Measure node impurity: Gini = 1 − Σpₖ² where pₖ = count_k/n per class. A counting loop tallies labels into a dict; a second loop sums squared proportions. Library: NumPy 1 − np.sum((counts/n)²) to confirm. RESULT: Gini impurity (rounded).

By hand

With NumPy

np.unique(labels, return_counts=True) returns sorted unique labels and their counts in one call. 1 - np.sum((counts/n)**2) applies the formula.

naive.py
labels = ['A', 'A', 'B', 'A', 'B', 'B']
n = len(labels)
counts = {}
for lbl in labels:
    counts[lbl] = counts.get(lbl, 0) + 1
sq_sum = 0.0
for lbl in counts:
    p = counts[lbl] / n
    sq_sum = sq_sum + p * p
gini = round(1 - sq_sum, 4)
print('RESULT:', gini)
library.py
import numpy as np
from dalib.display import set_display
set_display()

labels = ['A', 'A', 'B', 'A', 'B', 'B']
n = len(labels)
_, counts = np.unique(labels, return_counts=True)
gini = round(float(1 - np.sum((counts / n) ** 2)), 4)
print('counts:', counts.tolist())
print('RESULT:', gini)
counts: [3, 3]
RESULT: 0.5

Implementation notes

  • Gini=0 means a pure node (one class only); maximum is 1−1/k for k equally represented classes.

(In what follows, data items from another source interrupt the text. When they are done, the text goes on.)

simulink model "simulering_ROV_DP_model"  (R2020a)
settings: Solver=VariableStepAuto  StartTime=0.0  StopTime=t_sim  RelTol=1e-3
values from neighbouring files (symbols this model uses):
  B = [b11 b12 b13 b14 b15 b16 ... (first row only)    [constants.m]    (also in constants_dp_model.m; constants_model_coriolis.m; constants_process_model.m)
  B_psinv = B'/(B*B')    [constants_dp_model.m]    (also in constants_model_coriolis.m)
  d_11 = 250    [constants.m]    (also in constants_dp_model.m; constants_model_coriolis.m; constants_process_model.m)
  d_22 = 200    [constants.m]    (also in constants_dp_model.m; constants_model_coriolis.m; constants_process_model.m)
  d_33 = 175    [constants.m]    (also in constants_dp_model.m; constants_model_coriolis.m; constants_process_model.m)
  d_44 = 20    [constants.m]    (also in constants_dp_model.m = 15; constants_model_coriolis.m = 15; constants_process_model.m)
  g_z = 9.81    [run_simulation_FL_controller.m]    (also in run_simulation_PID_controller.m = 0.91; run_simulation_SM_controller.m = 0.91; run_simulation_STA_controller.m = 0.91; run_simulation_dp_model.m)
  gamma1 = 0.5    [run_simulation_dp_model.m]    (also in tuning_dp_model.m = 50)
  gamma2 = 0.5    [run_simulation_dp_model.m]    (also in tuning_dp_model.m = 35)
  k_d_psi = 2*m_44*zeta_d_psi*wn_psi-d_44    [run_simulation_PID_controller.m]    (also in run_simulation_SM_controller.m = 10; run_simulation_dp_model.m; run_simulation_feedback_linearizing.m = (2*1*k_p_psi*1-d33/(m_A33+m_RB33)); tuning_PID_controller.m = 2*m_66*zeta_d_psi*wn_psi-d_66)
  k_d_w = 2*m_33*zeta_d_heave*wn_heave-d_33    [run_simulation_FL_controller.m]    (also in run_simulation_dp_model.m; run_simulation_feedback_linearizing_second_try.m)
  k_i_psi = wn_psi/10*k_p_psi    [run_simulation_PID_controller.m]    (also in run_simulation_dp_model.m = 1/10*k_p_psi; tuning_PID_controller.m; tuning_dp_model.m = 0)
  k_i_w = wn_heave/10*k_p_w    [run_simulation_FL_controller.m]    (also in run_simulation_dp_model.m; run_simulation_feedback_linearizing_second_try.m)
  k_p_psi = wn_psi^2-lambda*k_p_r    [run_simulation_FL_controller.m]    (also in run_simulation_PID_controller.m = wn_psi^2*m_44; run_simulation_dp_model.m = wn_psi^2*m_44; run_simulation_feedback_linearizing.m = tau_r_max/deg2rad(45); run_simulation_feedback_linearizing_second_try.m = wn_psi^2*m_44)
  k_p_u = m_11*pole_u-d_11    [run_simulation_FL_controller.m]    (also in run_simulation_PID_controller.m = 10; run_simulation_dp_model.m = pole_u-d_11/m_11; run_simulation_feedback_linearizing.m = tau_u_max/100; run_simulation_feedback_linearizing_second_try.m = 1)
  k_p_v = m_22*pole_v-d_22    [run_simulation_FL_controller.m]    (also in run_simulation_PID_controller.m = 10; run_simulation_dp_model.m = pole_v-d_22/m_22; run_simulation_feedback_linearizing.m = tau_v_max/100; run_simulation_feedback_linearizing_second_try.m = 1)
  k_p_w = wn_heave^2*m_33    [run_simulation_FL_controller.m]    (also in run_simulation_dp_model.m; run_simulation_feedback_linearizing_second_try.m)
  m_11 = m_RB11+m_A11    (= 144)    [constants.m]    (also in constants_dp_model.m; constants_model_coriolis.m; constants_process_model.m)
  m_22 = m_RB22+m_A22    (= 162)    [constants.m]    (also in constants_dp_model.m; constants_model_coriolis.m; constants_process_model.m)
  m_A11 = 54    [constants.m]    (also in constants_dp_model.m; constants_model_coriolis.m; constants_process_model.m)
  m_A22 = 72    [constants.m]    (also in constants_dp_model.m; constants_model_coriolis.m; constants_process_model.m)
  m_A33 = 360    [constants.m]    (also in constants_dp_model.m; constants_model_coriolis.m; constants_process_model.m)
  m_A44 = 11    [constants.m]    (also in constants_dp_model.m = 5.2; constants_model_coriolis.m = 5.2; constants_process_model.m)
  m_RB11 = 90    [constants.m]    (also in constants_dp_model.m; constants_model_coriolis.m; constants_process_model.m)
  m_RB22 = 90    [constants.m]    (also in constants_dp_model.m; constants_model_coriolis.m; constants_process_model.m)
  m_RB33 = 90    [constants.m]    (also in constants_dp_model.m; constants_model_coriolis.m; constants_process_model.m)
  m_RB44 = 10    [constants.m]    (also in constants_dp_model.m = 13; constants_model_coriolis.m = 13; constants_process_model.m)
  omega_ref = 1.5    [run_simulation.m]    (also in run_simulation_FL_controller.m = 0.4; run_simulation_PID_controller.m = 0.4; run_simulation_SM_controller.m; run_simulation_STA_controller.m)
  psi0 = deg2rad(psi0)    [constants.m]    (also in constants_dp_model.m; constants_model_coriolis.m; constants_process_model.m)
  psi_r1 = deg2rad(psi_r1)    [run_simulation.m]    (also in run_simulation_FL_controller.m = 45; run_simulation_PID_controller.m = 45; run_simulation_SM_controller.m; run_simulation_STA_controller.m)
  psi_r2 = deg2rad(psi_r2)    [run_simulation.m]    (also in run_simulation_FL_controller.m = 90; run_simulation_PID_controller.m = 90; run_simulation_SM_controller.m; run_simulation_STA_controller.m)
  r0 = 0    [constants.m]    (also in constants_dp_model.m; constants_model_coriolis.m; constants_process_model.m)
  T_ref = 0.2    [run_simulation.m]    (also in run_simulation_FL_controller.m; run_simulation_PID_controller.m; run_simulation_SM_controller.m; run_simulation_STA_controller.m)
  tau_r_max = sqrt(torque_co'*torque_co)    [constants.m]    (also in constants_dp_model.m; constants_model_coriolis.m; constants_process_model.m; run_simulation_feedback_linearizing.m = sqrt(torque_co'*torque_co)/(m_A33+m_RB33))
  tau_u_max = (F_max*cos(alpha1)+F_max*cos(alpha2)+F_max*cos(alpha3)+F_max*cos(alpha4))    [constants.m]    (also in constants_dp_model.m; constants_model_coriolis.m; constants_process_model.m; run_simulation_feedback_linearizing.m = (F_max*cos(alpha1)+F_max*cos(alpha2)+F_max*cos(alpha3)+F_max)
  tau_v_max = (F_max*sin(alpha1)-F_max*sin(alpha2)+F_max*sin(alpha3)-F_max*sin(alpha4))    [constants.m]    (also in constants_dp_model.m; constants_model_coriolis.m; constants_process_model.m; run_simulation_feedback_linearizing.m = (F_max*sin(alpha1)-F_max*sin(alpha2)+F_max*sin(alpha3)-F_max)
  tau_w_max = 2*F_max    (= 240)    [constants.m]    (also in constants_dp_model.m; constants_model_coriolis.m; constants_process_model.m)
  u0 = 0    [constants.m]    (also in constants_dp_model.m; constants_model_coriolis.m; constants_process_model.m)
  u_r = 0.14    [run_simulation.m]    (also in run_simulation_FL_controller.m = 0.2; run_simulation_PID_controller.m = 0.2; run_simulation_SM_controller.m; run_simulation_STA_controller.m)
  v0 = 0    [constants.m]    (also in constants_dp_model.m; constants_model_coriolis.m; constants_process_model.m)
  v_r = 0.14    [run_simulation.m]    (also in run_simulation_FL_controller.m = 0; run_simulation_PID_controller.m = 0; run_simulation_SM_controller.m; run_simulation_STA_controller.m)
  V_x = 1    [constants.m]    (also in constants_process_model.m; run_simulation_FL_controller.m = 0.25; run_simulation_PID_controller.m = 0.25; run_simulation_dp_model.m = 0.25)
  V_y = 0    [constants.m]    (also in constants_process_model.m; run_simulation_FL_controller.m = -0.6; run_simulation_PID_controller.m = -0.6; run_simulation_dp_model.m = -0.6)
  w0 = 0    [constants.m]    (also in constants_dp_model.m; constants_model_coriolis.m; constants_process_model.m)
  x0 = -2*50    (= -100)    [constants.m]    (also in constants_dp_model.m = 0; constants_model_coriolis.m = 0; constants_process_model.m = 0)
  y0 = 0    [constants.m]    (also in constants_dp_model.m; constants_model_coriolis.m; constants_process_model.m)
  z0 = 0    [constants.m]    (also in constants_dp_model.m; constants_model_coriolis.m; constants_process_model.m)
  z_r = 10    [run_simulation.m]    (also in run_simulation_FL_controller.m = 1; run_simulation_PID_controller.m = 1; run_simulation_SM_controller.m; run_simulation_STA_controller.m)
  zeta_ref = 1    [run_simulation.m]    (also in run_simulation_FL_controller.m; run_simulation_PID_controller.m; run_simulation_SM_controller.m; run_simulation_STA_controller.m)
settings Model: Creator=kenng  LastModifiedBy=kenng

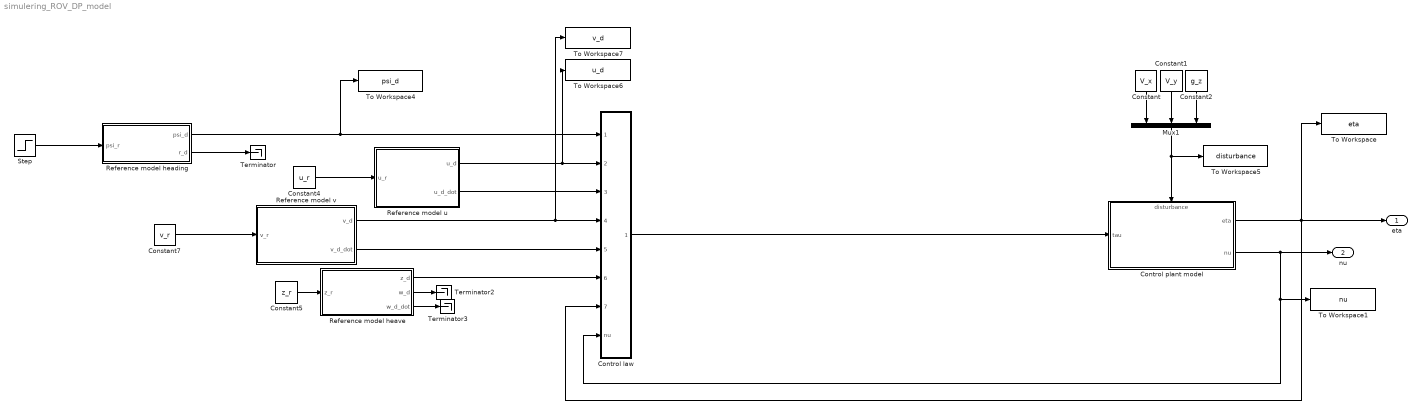
== system simulering_ROV_DP_model ==
  Constant : Constant  Value=V_x
  Constant1 : Constant  Value=V_y
  Constant2 : Constant  Value=g_z
  Constant4 : Constant  Value=u_r
  Constant5 : Constant  Value=z_r
  Constant7 : Constant  Value=v_r
  Control law : Subsystem
  Control plant model : Subsystem
      settings: PortSchema="{\"entries\":[{\"content\":{\"sides\":[{\"content\":{\"connectorIds\":[\"In1\"]},\"type\":\"ConnectorPlacement.EquallySpacedRectSide\",\"uuid\":\"e717a587-3200-458e-ba24-dd41565550b9\"},{\"content\":{\"connectorIds\":[\"Out1\",\"Out2\"],\"side\":\"RIGHT\"},\"type\":\"ConnectorPlacement.EquallySpacedRectSide\",\"uuid\":\"302c9cc9-c34e-45c2-bf93-40982187bd66\"},{\"content\":{\"connectorIds\":[\"In2\"],\"side\":\"TOP\"},\"type\":\"ConnectorPlacement.EquallySpacedRectSide\",\"uuid\":\"4b1c13ad-6fa1-447d-8a08-ad292496a8ea\"}]},\"type\":\"ConnectorPlacement.EquallySpacedConnector\",\"uuid\":\"78ff5622-69b9-4402-ac71-5e2cc2861626\"}],\"packageUris\":[\"http://schema.mathworks.com/mf0/Connector/19700101\"],\"version\":\"1.0\"}"
  Mux1 : Mux  Inputs=3
  Reference model heading : Subsystem
  Reference model heave : Subsystem
  Reference model u : Subsystem
  Reference model v : Subsystem
  Step : Step  Time=1000  Before=deg2rad(psi_r1)  After=deg2rad(psi_r2)  SampleTime=0
  Terminator : Terminator
  Terminator2 : Terminator
  Terminator3 : Terminator
  To Workspace : ToWorkspace  VariableName=eta  SaveFormat=Structure With Time  SampleTime=-1
  To Workspace1 : ToWorkspace  VariableName=nu  SaveFormat=Structure With Time  SampleTime=-1
  To Workspace4 : ToWorkspace  VariableName=psi_d  SaveFormat=Structure With Time  SampleTime=-1
  To Workspace5 : ToWorkspace  VariableName=disturbance  SaveFormat=Structure With Time  SampleTime=-1
  To Workspace6 : ToWorkspace  VariableName=u_d  SaveFormat=Structure With Time  SampleTime=-1
  To Workspace7 : ToWorkspace  VariableName=v_d  SaveFormat=Structure With Time  SampleTime=-1
  eta : Outport
  nu : Outport  Port=2
  wires:
  Control plant model/1(eta) -> Control law/7(eta), eta/1, To Workspace/1
  Control plant model/2(nu) -> nu/1, To Workspace1/1, Control law/8(nu)
  Mux1/1 -> Control plant model/2(disturbance), To Workspace5/1
  Reference model heading/1(psi_d) -> Control law/1(psi_d), To Workspace4/1
  Constant/1 -> Mux1/1
  Constant1/1 -> Mux1/2
  Constant2/1 -> Mux1/3
  Reference model heave/1(z_d) -> Control law/6(z_d)
  Control law/1(tau) -> Control plant model/1(tau)
  Step/1 -> Reference model heading/1(psi_r)
  Reference model heading/2(r_d) -> Terminator/1
  Constant4/1 -> Reference model u/1(u_r)
  Reference model heave/3(w_d_dot) -> Terminator3/1
  Reference model heave/2(w_d) -> Terminator2/1
  Constant5/1 -> Reference model heave/1(z_r)
  Constant7/1 -> Reference model v/1(v_r)
  Reference model u/1(u_d) -> To Workspace6/1, Control law/2(u_d)
  Reference model u/2(u_d_dot) -> Control law/3(u_d_dot)
  Reference model v/1(v_d) -> To Workspace7/1, Control law/4(v_d)
  Reference model v/2(v_d_dot) -> Control law/5(v_d_dot)

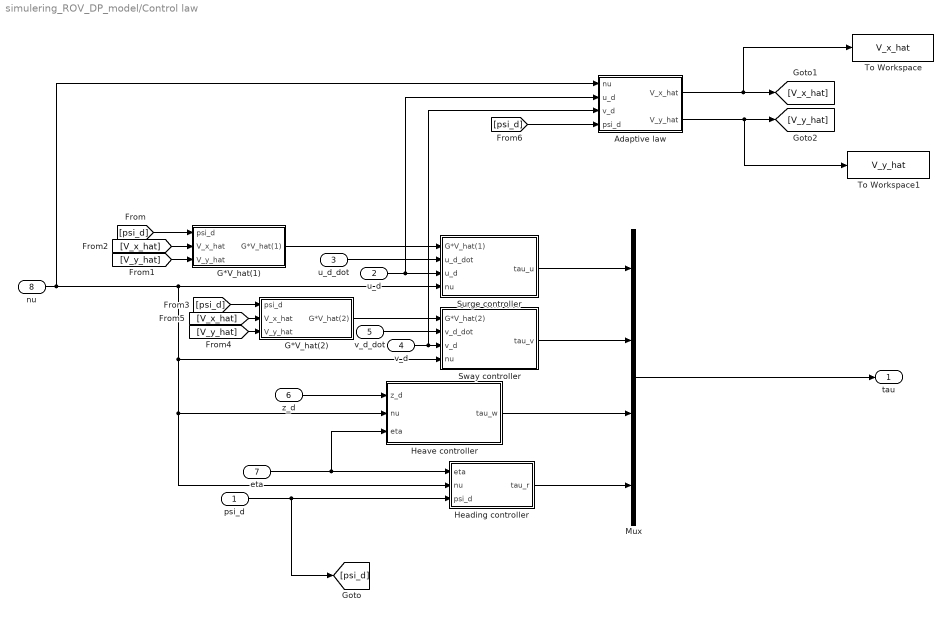
== system simulering_ROV_DP_model/Control law ==
  psi_d : Inport
  u_d : Inport  Port=2
  u_d_dot : Inport  Port=3
  v_d : Inport  Port=4
  v_d_dot : Inport  Port=5
  z_d : Inport  Port=6
  eta : Inport  Port=7
  nu : Inport  Port=8
  Adaptive law : Subsystem
  G*V_hat(1) : Subsystem
  G*V_hat(2) : Subsystem
  Heading controller : Subsystem
  Heave controller : Subsystem
  Mux : Mux
  Surge controller : Subsystem
  Sway controller : Subsystem
  To Workspace : ToWorkspace  VariableName=V_x_hat  SaveFormat=Structure With Time  SampleTime=-1
  To Workspace1 : ToWorkspace  VariableName=V_y_hat  SaveFormat=Structure With Time  SampleTime=-1
  tau : Outport
  wires:
  Surge controller/1(tau_u) -> Mux/1
  Sway controller/1(tau_v) -> Mux/2
  Heave controller/1(tau_w) -> Mux/3
  Mux/1 -> tau/1
  Heading controller/1(tau_r) -> Mux/4
  nu/1 -> Adaptive law/1(nu), Sway controller/4(nu), Heading controller/2(nu), Heave controller/2(nu), Surge controller/4(nu)
  eta/1 -> Heading controller/1(eta), Heave controller/3(eta)
  psi_d/1 -> [psi_d], Heading controller/3(psi_d)
  [V_y_hat] -> G*V_hat(1)/3(V_y_hat)
  [V_x_hat] -> G*V_hat(1)/2(V_x_hat)
  [psi_d] -> G*V_hat(1)/1(psi_d)
  G*V_hat(1)/1(G*V_hat(1)) -> Surge controller/1(G*V_hat(1))
  [psi_d] -> G*V_hat(2)/1(psi_d)
  [V_y_hat] -> G*V_hat(2)/3(V_y_hat)
  [V_x_hat] -> G*V_hat(2)/2(V_x_hat)
  G*V_hat(2)/1(G*V_hat(2)) -> Sway controller/1(G*V_hat(2))
  u_d/1 -> Adaptive law/2(u_d), Surge controller/3(u_d)
  u_d_dot/1 -> Surge controller/2(u_d_dot)
  v_d_dot/1 -> Sway controller/2(v_d_dot)
  v_d/1 -> Adaptive law/3(v_d), Sway controller/3(v_d)
  Adaptive law/1(V_x_hat) -> To Workspace/1, [V_x_hat]
  Adaptive law/2(V_y_hat) -> To Workspace1/1, [V_y_hat]
  [psi_d] -> Adaptive law/4(psi_d)
  z_d/1 -> Heave controller/1(z_d)

== system simulering_ROV_DP_model/Control plant model ==
  note: tau: 4x1 vector = [surge sway heave yaw]^T
  note: Disturbance: 3x1 vector = [Vx Vy gz]^t
  tau : Inport
  disturbance : Inport  Port=2
  Demux : Demux
  Kinematics : Subsystem
  Kinetics : Subsystem
  Terminator : Terminator
  Terminator1 : Terminator
  Terminator2 : Terminator
  Thruster saturation : Subsystem
  To Workspace2 : ToWorkspace  VariableName=tau_unsat  SaveFormat=Structure With Time  SampleTime=-1
  To Workspace3 : ToWorkspace  VariableName=tau_sat  SaveFormat=Structure With Time  SampleTime=-1
  eta : Outport
  nu : Outport  Port=2
  wires:
  Kinetics/1(nu) -> nu/1, Kinematics/1(nu)
  Demux/4 -> Kinetics/3(psi)
  Demux/2 -> Terminator1/1
  Kinematics/1(eta) -> eta/1, Demux/1
  Demux/1 -> Terminator/1
  Demux/3 -> Terminator2/1
  disturbance/1 -> Kinetics/1(disturbance)
  tau/1 -> To Workspace2/1, Thruster saturation/1(tau_unsat)
  Thruster saturation/1(tau_sat) -> To Workspace3/1, Kinetics/2(tau)

== system simulering_ROV_DP_model/Reference model heading ==
  note: psi_r
  note: psi_d
  note: r_d
  note: a_d
  psi_r : Inport
  Gain : Gain  Gain=(2*zeta_ref+1)*omega_ref
  Gain1 : Gain  Gain=(2*zeta_ref+1)*omega_ref^2
  Gain2 : Gain  Gain=omega_ref^3
  Integrator : Integrator
  Integrator1 : Integrator
  Integrator2 : Integrator
  Saturation : Saturate  UpperLimit=tau_r_max/(m_RB11*0.2^2)  LowerLimit=-tau_r_max/(m_RB11*0.2^2)
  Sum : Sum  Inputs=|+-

For binary: max=0.5 at a 50/50 split — this example.
  • Decision trees choose the split that most reduces Gini from parent to the weighted average of child Ginis (Gini gain).
  • Gini uses no logarithm, making it cheaper to compute than entropy. Cross-reference: entropy-information-gain (this chapter) for the log-based alternative; both drive the same split-selection logic.
  • Cross-reference: threshold-probabilities (ch04) for how class counts relate to predicted probabilities.